Have i missed something ???? or card is gone kaput ????

Btw i got FSP SagaII 500W psu.

Please reply..


----------



## ArjunKiller (Apr 9, 2012)

did you connect the vga adapter in the graphics card port or motherboard port ? if there are any pci connectors on gpu for power.. have you connected them ?


----------



## Skillz (Apr 9, 2012)

yes i did connect vga adapter and tried on both the port of the graphics card.. but still no display... and yes its powered by 6 pin connector..


----------



## nbaztec (Apr 9, 2012)

Is the onboard chipset working? If no, might be a mobo fault. If yes, is the GPU seated right?
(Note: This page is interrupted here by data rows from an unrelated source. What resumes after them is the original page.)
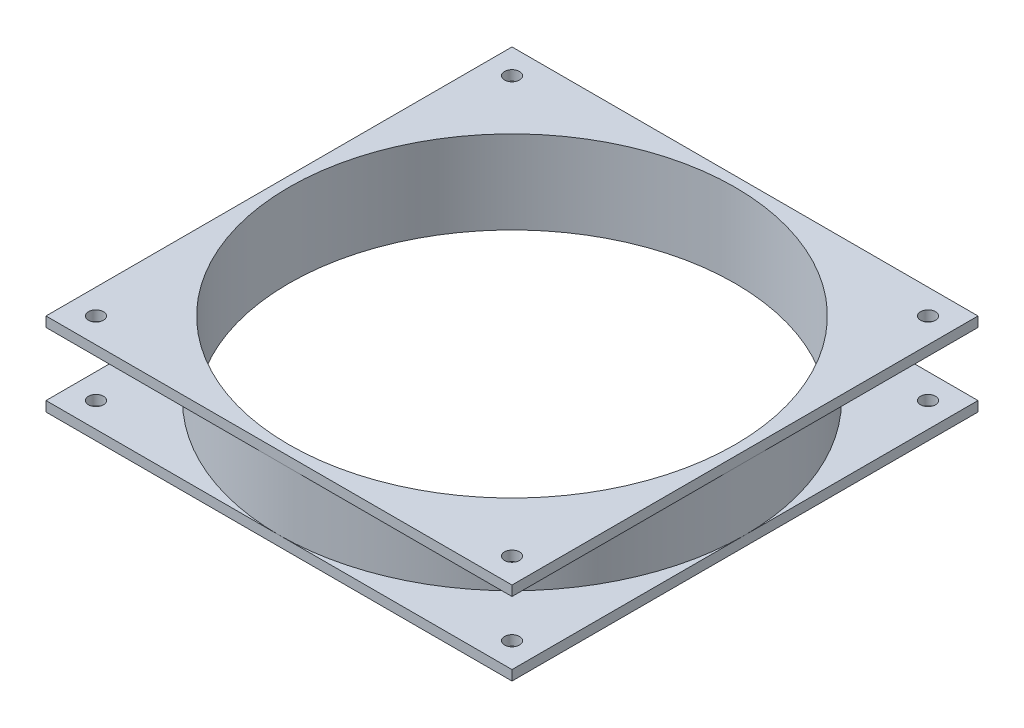
ISO-10303-21;
HEADER;
FILE_DESCRIPTION(('STEP AP214'),'2;1');
FILE_NAME('part.step','',(''),(''),'','','');
FILE_SCHEMA(('AUTOMOTIVE_DESIGN { 1 0 10303 214 1 1 1 1 }'));
ENDSEC;
DATA;
#1=APPLICATION_CONTEXT('core data for automotive mechanical design processes');
#2=APPLICATION_PROTOCOL_DEFINITION('international standard','automotive_design',2000,#1);
#3=PRODUCT_CONTEXT('',#1,'mechanical');
#4=PRODUCT('Part','Part','',(#3));
#5=PRODUCT_RELATED_PRODUCT_CATEGORY('part','',(#4));
#6=PRODUCT_DEFINITION_FORMATION('','',#4);
#7=PRODUCT_DEFINITION_CONTEXT('part definition',#1,'design');
#8=PRODUCT_DEFINITION('design','',#6,#7);
#9=PRODUCT_DEFINITION_SHAPE('','',#8);
#10=(LENGTH_UNIT() NAMED_UNIT(*) SI_UNIT(.MILLI.,.METRE.));
#11=(NAMED_UNIT(*) PLANE_ANGLE_UNIT() SI_UNIT($,.RADIAN.));
#12=(NAMED_UNIT(*) SI_UNIT($,.STERADIAN.) SOLID_ANGLE_UNIT());
#13=UNCERTAINTY_MEASURE_WITH_UNIT(LENGTH_MEASURE(1.E-05),#10,'distance_accuracy_value','');
#14=(GEOMETRIC_REPRESENTATION_CONTEXT(3) GLOBAL_UNCERTAINTY_ASSIGNED_CONTEXT((#13)) GLOBAL_UNIT_ASSIGNED_CONTEXT((#10,
#11,#12)) REPRESENTATION_CONTEXT('',''));
#15=CARTESIAN_POINT('',(0.,0.,0.));
#16=DIRECTION('',(0.,0.,1.));
#17=DIRECTION('',(1.,0.,0.));
#18=AXIS2_PLACEMENT_3D('',#15,#16,#17);
#19=CARTESIAN_POINT('',(67.,0.,0.));
#20=DIRECTION('',(0.,-1.,0.));
#21=DIRECTION('',(0.,0.,-1.));
#22=AXIS2_PLACEMENT_3D('',#19,#20,#21);
#23=PLANE('',#22);
#24=CARTESIAN_POINT('',(-62.5,0.,-62.5));
#25=DIRECTION('',(0.,1.,0.));
#26=DIRECTION('',(0.,0.,1.));
#27=AXIS2_PLACEMENT_3D('',#24,#25,#26);
#28=CIRCLE('',#27,2.25);
#29=CARTESIAN_POINT('',(-62.5,0.,-60.25));
#30=VERTEX_POINT('',#29);
#31=EDGE_CURVE('E308',#30,#30,#28,.T.);
#32=ORIENTED_EDGE('',*,*,#31,.T.);
#33=EDGE_LOOP('',(#32));
#34=FACE_BOUND('',#33,.T.);
#35=CARTESIAN_POINT('',(62.5,0.,62.5));
#36=DIRECTION('',(0.,1.,0.));
#37=DIRECTION('',(0.,0.,1.));
#38=AXIS2_PLACEMENT_3D('',#35,#36,#37);
#39=CIRCLE('',#38,2.25);
#40=CARTESIAN_POINT('',(62.5,0.,64.75));
#41=VERTEX_POINT('',#40);
#42=EDGE_CURVE('E228',#41,#41,#39,.T.);
#43=ORIENTED_EDGE('',*,*,#42,.T.);
#44=EDGE_LOOP('',(#43));
#45=FACE_BOUND('',#44,.T.);
#46=CARTESIAN_POINT('',(-62.5,0.,62.5));
#47=DIRECTION('',(0.,1.,0.));
#48=DIRECTION('',(0.,0.,1.));
#49=AXIS2_PLACEMENT_3D('',#46,#47,#48);
#50=CIRCLE('',#49,2.25);
#51=CARTESIAN_POINT('',(-62.5,0.,64.75));
#52=VERTEX_POINT('',#51);
#53=EDGE_CURVE('E224',#52,#52,#50,.T.);
#54=ORIENTED_EDGE('',*,*,#53,.T.);
#55=EDGE_LOOP('',(#54));
#56=FACE_BOUND('',#55,.T.);
#57=CARTESIAN_POINT('',(62.5,0.,-62.5));
#58=DIRECTION('',(0.,1.,0.));
#59=DIRECTION('',(0.,0.,1.));
#60=AXIS2_PLACEMENT_3D('',#57,#58,#59);
#61=CIRCLE('',#60,2.25);
#62=CARTESIAN_POINT('',(62.5,0.,-60.25));
#63=VERTEX_POINT('',#62);
#64=EDGE_CURVE('E220',#63,#63,#61,.T.);
#65=ORIENTED_EDGE('',*,*,#64,.T.);
#66=EDGE_LOOP('',(#65));
#67=FACE_BOUND('',#66,.T.);
#68=CARTESIAN_POINT('',(0.,0.,0.));
#69=DIRECTION('',(0.,-1.,0.));
#70=DIRECTION('',(0.,0.,-1.));
#71=AXIS2_PLACEMENT_3D('',#68,#69,#70);
#72=CIRCLE('',#71,67.);
#73=CARTESIAN_POINT('',(0.,0.,-67.));
#74=VERTEX_POINT('',#73);
#75=EDGE_CURVE('E12',#74,#74,#72,.T.);
#76=ORIENTED_EDGE('',*,*,#75,.F.);
#77=EDGE_LOOP('',(#76));
#78=FACE_BOUND('',#77,.T.);
#79=DIRECTION('',(-1.,0.,0.));
#80=VECTOR('',#79,1.);
#81=CARTESIAN_POINT('',(-70.,0.,-70.));
#82=LINE('',#81,#80);
#83=CARTESIAN_POINT('',(70.,0.,-70.));
#84=VERTEX_POINT('',#83);
#85=CARTESIAN_POINT('',(-70.,0.,-70.));
#86=VERTEX_POINT('',#85);
#87=EDGE_CURVE('E150',#84,#86,#82,.T.);
#88=ORIENTED_EDGE('',*,*,#87,.F.);
#89=DIRECTION('',(0.,0.,-1.));
#90=VECTOR('',#89,1.);
#91=CARTESIAN_POINT('',(70.,0.,70.));
#92=LINE('',#91,#90);
#93=CARTESIAN_POINT('',(70.,0.,70.));
#94=VERTEX_POINT('',#93);
#95=EDGE_CURVE('E57',#94,#84,#92,.T.);
#96=ORIENTED_EDGE('',*,*,#95,.F.);
#97=DIRECTION('',(1.,0.,0.));
#98=VECTOR('',#97,1.);
#99=CARTESIAN_POINT('',(-70.,0.,70.));
#100=LINE('',#99,#98);
#101=CARTESIAN_POINT('',(-70.,0.,70.));
#102=VERTEX_POINT('',#101);
#103=EDGE_CURVE('E137',#102,#94,#100,.T.);
#104=ORIENTED_EDGE('',*,*,#103,.F.);
#105=DIRECTION('',(0.,0.,1.));
#106=VECTOR('',#105,1.);
#107=CARTESIAN_POINT('',(-70.,0.,70.));
#108=LINE('',#107,#106);
#109=EDGE_CURVE('E146',#86,#102,#108,.T.);
#110=ORIENTED_EDGE('',*,*,#109,.F.);
#111=EDGE_LOOP('',(#88,#96,#104,#110));
#112=FACE_BOUND('',#111,.T.);
#113=ADVANCED_FACE('F40',(#34,#45,#56,#67,#78,#112),#23,.T.);
#114=CARTESIAN_POINT('',(0.,0.,0.));
#115=DIRECTION('',(0.,-1.,0.));
#116=DIRECTION('',(0.,0.,-1.));
#117=AXIS2_PLACEMENT_3D('',#114,#115,#116);
#118=CYLINDRICAL_SURFACE('',#117,67.);
#119=ORIENTED_EDGE('',*,*,#75,.T.);
#120=EDGE_LOOP('',(#119));
#121=FACE_BOUND('',#120,.T.);
#122=CARTESIAN_POINT('',(0.,25.,0.));
#123=DIRECTION('',(0.,-1.,0.));
#124=DIRECTION('',(0.,0.,-1.));
#125=AXIS2_PLACEMENT_3D('',#122,#123,#124);
#126=CIRCLE('',#125,67.);
#127=CARTESIAN_POINT('',(0.,25.,-67.));
#128=VERTEX_POINT('',#127);
#129=EDGE_CURVE('E205',#128,#128,#126,.T.);
#130=ORIENTED_EDGE('',*,*,#129,.F.);
#131=EDGE_LOOP('',(#130));
#132=FACE_BOUND('',#131,.T.);
#133=ADVANCED_FACE('F42',(#121,#132),#118,.F.);
#134=CARTESIAN_POINT('',(100.,25.,0.));
#135=DIRECTION('',(0.,1.,0.));
#136=DIRECTION('',(0.,0.,1.));
#137=AXIS2_PLACEMENT_3D('',#134,#135,#136);
#138=PLANE('',#137);
#139=CARTESIAN_POINT('',(-62.5,25.,-62.5));
#140=DIRECTION('',(0.,1.,0.));
#141=DIRECTION('',(0.,0.,1.));
#142=AXIS2_PLACEMENT_3D('',#139,#140,#141);
#143=CIRCLE('',#142,2.24999999999999);
#144=CARTESIAN_POINT('',(-62.5,25.,-60.25));
#145=VERTEX_POINT('',#144);
#146=EDGE_CURVE('E374',#145,#145,#143,.T.);
#147=ORIENTED_EDGE('',*,*,#146,.F.);
#148=EDGE_LOOP('',(#147));
#149=FACE_BOUND('',#148,.T.);
#150=CARTESIAN_POINT('',(62.5,25.,62.5));
#151=DIRECTION('',(0.,1.,0.));
#152=DIRECTION('',(0.,0.,1.));
#153=AXIS2_PLACEMENT_3D('',#150,#151,#152);
#154=CIRCLE('',#153,2.24999999999999);
#155=CARTESIAN_POINT('',(62.5,25.,64.75));
#156=VERTEX_POINT('',#155);
#157=EDGE_CURVE('E235',#156,#156,#154,.T.);
#158=ORIENTED_EDGE('',*,*,#157,.F.);
#159=EDGE_LOOP('',(#158));
#160=FACE_BOUND('',#159,.T.);
#161=CARTESIAN_POINT('',(-62.5,25.,62.5));
#162=DIRECTION('',(0.,1.,0.));
#163=DIRECTION('',(0.,0.,1.));
#164=AXIS2_PLACEMENT_3D('',#161,#162,#163);
#165=CIRCLE('',#164,2.24999999999999);
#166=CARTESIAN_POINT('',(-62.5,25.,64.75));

If yes, did you disable on-board chipset?  You did.
Guessing a bad GPU. Get it RMAed ASAP.


----------



## Skillz (Apr 9, 2012)

yes onboard is working fine.. i have pressed hard as possible to make it seat into the slot.. but nothing..  Is there any compatibility issue with the motherboard with 2.1 express pcie card ?? coz i will a new graphics card in a week, if that doenst work also i will be doomed 

i did tried disabling the video from bios but nothng- Gigabyte GA-G41MT-S2 | Manual - Page 29


----------



## coderunknown (Apr 10, 2012)

another way is to install the GPU and then reset CMOS (just short the pins using a screwdriver). on next boot, BIOS will autodetect the GPU and will set it as primary display.


----------



## Skillz (Apr 10, 2012)

short the pins uisng a screwdriver .. isnt that a risky buisness ?? just pulling out the battery wont do ???


----------



## coderunknown (Apr 10, 2012)

its safe. but don't short while the system is powered. and actually its easy to short the pins than to pull out the battery. i have done it many times.


----------



## Skillz (Apr 10, 2012)

i never done it before.. i dont want to take risk which i dont know.. i will remove the battery and clear the cmos, thats seems easy for me


----------



## Tech_Wiz (Apr 10, 2012)

But ideally this should not be required. Modern BIOS detects if AGP/PCI-E slot is occupied or not and by default prefer the Faster Option i.e. Dedicated GFX.


----------



## nbaztec (Apr 10, 2012)

It ain't required, but anyway IMO there's a separate 3 pin header we need to short to reset BIOS & not the battery.


----------



## Skillz (Apr 10, 2012)

Ok i have just shorted out the pins to clear the cmos with graphics card seated into the slot.. but sadly nothing.. no signal.. i am now 99.99% sure that the card is dead..


----------



## Minion (Apr 10, 2012)

Simple solution Skillz go to bios look for initialise to pci first you will definitly find it out set it to PCI or PCI-E.I can't remember exactly where to find this setting.


----------



## Skillz (Apr 10, 2012)

I went through bios and by default ''Enable if No Ext Peg'' was selected which activates onboard graphics if no pcie graphics is installed. Secondly, in ''Intiation First display'' option i chose PEG(Sets PCIE graphics card as first display), though the sytem boots fine.. only no display.. 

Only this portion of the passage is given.